Directions for this task: Copy out every line of the data that has the word "simulink" somewhere in it.

Dataset entries START

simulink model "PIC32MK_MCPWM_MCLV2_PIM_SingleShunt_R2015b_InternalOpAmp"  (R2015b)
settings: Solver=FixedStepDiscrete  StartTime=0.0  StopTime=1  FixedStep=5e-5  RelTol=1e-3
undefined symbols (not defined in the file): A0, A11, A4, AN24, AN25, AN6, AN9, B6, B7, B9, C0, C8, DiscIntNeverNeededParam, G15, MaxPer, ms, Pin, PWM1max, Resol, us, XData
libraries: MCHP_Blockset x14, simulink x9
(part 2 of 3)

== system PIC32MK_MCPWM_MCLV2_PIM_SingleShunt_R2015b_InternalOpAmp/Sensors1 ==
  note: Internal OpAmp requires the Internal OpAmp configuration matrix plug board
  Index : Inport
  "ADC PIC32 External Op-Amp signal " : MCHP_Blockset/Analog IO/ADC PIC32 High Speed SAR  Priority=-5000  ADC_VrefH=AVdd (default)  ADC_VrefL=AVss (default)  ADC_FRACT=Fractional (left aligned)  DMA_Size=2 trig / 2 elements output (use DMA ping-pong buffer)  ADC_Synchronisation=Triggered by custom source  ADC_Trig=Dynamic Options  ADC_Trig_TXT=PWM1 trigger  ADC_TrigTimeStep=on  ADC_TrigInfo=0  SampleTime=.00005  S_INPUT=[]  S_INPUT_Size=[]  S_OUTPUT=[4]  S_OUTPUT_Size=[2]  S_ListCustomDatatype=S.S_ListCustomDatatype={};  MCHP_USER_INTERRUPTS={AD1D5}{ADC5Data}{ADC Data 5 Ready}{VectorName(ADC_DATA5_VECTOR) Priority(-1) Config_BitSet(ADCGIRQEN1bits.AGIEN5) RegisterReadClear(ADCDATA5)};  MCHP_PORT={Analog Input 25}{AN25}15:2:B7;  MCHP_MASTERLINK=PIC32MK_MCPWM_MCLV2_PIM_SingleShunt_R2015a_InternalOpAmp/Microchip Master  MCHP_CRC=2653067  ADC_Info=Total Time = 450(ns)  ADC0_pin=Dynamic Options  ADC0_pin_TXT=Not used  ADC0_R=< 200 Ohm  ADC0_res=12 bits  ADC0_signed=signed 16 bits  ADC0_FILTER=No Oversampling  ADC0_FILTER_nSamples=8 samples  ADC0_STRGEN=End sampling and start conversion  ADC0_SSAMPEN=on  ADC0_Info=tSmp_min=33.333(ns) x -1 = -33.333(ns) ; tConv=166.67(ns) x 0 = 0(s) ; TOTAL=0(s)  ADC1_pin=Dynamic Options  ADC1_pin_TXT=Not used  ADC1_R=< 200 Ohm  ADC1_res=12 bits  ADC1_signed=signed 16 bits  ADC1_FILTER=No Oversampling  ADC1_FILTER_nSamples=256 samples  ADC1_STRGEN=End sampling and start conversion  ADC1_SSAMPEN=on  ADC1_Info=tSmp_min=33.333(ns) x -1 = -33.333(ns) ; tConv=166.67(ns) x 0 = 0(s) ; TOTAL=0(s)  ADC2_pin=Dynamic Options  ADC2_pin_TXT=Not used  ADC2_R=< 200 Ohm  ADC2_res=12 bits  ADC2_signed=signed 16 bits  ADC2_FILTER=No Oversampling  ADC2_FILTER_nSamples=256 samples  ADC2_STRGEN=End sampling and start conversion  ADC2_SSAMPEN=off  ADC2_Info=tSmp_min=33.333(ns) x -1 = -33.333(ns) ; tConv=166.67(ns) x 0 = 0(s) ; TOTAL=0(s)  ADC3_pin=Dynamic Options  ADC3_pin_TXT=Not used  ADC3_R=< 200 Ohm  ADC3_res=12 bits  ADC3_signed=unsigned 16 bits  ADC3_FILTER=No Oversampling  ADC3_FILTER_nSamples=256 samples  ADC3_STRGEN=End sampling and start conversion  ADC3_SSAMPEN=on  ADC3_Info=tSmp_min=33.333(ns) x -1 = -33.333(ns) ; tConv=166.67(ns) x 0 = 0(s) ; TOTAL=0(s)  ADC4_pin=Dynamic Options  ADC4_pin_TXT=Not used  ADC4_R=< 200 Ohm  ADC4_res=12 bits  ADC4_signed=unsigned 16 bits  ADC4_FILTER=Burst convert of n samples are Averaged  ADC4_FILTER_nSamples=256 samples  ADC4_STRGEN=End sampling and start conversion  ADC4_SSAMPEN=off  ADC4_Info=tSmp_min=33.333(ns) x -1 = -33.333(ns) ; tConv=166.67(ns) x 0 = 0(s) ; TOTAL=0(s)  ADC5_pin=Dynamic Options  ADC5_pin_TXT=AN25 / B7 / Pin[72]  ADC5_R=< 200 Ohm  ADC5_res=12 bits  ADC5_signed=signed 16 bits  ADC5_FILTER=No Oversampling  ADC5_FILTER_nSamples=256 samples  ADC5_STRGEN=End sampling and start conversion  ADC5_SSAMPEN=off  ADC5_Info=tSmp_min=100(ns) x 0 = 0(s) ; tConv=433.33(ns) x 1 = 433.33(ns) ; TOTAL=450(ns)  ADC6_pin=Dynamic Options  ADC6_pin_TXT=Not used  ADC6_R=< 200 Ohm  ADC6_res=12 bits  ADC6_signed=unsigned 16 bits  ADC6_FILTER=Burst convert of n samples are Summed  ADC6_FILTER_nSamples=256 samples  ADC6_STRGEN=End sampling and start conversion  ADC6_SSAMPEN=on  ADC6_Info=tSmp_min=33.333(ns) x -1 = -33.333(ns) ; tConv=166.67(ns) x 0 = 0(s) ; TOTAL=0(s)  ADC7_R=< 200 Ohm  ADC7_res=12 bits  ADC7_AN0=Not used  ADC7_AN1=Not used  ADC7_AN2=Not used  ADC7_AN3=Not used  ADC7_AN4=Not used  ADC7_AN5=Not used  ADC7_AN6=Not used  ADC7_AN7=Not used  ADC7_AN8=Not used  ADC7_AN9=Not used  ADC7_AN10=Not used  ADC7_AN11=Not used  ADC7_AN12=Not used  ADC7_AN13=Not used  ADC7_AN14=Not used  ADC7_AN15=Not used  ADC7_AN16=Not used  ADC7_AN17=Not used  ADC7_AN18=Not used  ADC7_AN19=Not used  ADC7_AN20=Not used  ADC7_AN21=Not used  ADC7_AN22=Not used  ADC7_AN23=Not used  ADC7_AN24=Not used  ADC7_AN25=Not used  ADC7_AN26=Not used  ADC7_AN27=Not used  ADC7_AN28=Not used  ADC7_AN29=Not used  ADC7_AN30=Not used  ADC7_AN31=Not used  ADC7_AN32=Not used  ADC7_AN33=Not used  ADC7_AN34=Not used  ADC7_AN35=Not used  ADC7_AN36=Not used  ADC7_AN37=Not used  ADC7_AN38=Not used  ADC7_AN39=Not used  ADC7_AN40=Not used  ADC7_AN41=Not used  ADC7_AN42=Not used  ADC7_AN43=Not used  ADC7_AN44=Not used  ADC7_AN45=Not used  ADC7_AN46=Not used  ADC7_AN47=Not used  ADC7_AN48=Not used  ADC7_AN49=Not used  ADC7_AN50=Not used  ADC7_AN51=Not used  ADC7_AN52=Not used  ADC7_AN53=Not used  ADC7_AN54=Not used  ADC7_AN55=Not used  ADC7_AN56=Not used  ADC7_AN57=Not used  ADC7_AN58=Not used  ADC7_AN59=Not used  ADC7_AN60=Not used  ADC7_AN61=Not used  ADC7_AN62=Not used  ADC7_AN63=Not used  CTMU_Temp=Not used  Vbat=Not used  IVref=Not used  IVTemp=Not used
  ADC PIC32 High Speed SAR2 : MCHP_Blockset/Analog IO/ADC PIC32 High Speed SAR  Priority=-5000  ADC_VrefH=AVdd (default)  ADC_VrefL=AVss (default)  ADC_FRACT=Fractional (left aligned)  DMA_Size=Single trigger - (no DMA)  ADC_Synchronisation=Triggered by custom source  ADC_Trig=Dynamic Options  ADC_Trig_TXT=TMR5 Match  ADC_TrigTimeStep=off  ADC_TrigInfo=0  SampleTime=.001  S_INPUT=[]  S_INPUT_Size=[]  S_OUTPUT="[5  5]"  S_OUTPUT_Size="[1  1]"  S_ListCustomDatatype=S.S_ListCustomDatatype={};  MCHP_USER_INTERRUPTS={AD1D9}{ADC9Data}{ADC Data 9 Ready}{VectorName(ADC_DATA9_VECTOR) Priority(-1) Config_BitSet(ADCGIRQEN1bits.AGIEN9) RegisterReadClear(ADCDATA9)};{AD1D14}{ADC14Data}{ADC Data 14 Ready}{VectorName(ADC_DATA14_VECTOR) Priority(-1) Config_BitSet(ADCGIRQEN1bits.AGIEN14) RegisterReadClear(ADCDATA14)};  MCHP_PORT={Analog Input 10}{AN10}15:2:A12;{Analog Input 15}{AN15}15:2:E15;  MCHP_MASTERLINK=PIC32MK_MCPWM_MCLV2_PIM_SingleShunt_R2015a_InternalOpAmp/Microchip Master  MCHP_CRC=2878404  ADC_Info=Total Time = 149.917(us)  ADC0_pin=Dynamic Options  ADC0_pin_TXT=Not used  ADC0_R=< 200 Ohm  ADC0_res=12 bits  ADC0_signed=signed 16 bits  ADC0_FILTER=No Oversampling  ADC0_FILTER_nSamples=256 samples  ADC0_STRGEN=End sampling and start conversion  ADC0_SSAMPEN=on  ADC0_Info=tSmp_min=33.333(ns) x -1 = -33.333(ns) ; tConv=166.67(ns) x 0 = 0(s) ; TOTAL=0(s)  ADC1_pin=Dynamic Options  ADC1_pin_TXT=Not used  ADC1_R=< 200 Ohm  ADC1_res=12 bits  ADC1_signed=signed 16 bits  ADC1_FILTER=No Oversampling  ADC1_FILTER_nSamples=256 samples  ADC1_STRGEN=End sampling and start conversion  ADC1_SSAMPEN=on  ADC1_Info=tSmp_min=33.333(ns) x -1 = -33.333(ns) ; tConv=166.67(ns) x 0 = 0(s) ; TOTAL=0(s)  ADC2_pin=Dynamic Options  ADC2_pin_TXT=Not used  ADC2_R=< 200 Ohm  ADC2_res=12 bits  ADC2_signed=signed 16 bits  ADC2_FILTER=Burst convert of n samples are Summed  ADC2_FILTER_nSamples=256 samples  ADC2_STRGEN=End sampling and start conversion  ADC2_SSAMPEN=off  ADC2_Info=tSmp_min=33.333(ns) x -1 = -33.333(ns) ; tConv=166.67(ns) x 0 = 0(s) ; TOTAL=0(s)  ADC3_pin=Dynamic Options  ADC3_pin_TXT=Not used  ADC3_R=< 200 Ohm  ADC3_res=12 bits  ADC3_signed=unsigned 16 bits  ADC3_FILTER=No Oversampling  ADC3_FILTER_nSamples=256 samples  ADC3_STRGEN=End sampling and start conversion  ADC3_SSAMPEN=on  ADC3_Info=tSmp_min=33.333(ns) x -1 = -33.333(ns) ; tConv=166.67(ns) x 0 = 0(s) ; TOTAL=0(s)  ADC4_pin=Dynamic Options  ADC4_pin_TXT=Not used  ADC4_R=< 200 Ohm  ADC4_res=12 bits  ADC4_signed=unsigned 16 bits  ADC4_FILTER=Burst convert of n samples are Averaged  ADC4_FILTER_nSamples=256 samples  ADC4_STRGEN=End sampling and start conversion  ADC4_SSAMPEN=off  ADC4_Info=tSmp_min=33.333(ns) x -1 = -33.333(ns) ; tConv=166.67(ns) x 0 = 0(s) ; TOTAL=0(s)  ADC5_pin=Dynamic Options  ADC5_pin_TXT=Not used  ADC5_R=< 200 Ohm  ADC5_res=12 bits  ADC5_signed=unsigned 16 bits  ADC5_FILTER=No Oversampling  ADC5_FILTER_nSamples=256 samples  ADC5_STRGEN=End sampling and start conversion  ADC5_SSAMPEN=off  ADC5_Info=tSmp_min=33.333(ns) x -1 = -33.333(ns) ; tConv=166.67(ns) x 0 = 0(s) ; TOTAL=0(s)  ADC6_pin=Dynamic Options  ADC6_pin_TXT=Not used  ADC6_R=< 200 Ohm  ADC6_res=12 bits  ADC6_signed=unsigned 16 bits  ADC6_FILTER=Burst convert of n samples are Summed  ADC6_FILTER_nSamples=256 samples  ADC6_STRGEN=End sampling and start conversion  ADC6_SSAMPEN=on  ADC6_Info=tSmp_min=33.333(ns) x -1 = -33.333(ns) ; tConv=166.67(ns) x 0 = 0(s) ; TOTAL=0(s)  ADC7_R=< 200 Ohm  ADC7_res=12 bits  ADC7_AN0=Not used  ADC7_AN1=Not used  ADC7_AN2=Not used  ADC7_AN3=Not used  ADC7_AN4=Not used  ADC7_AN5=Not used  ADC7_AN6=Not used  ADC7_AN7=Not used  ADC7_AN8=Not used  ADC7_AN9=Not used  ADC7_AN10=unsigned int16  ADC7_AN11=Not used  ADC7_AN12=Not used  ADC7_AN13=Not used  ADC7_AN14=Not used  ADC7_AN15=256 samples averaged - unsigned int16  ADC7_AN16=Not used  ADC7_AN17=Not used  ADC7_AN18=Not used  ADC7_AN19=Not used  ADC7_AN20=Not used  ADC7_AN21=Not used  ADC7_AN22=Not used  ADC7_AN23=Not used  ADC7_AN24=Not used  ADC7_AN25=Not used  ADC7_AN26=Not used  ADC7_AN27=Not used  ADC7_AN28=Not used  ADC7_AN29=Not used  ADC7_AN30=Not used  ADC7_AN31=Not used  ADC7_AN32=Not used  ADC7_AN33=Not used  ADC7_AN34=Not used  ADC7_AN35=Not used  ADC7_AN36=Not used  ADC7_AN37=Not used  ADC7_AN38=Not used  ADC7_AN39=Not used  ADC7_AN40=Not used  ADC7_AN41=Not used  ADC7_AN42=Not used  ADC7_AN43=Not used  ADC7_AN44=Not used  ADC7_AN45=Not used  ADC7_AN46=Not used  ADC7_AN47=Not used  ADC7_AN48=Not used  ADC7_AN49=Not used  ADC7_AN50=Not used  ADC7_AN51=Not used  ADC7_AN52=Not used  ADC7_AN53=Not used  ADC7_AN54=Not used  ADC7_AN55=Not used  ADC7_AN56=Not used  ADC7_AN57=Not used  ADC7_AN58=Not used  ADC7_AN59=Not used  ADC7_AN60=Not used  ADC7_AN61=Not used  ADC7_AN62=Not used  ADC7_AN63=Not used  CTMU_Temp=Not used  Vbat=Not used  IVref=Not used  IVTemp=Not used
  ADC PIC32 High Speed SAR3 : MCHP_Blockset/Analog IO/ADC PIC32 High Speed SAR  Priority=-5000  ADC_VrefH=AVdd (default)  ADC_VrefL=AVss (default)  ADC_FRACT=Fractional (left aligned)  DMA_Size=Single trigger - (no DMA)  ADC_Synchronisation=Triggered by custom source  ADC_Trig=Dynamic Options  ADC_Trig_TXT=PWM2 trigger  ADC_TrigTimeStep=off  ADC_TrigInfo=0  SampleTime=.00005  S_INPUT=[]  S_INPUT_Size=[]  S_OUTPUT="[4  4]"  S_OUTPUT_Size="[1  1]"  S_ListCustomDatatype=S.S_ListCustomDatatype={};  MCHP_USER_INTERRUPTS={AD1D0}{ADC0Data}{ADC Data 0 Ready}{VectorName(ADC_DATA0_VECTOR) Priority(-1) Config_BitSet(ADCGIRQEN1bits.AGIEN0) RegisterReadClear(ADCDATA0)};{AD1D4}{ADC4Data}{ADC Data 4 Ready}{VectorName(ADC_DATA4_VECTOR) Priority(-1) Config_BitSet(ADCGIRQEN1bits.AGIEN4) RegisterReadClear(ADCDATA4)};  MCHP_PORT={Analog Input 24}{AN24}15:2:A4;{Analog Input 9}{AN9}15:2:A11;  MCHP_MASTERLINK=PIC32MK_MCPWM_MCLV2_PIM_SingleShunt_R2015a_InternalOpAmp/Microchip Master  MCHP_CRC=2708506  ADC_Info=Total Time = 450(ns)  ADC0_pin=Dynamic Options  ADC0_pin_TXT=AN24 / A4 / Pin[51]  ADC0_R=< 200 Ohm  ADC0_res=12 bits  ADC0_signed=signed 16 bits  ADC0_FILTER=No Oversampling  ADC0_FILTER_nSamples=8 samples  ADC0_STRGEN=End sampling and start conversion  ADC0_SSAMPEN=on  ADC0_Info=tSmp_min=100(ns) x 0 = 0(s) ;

Dataset entries END

Written answer:
simulink model "PIC32MK_MCPWM_MCLV2_PIM_SingleShunt_R2015b_InternalOpAmp"  (R2015b)
libraries: MCHP_Blockset x14, simulink x9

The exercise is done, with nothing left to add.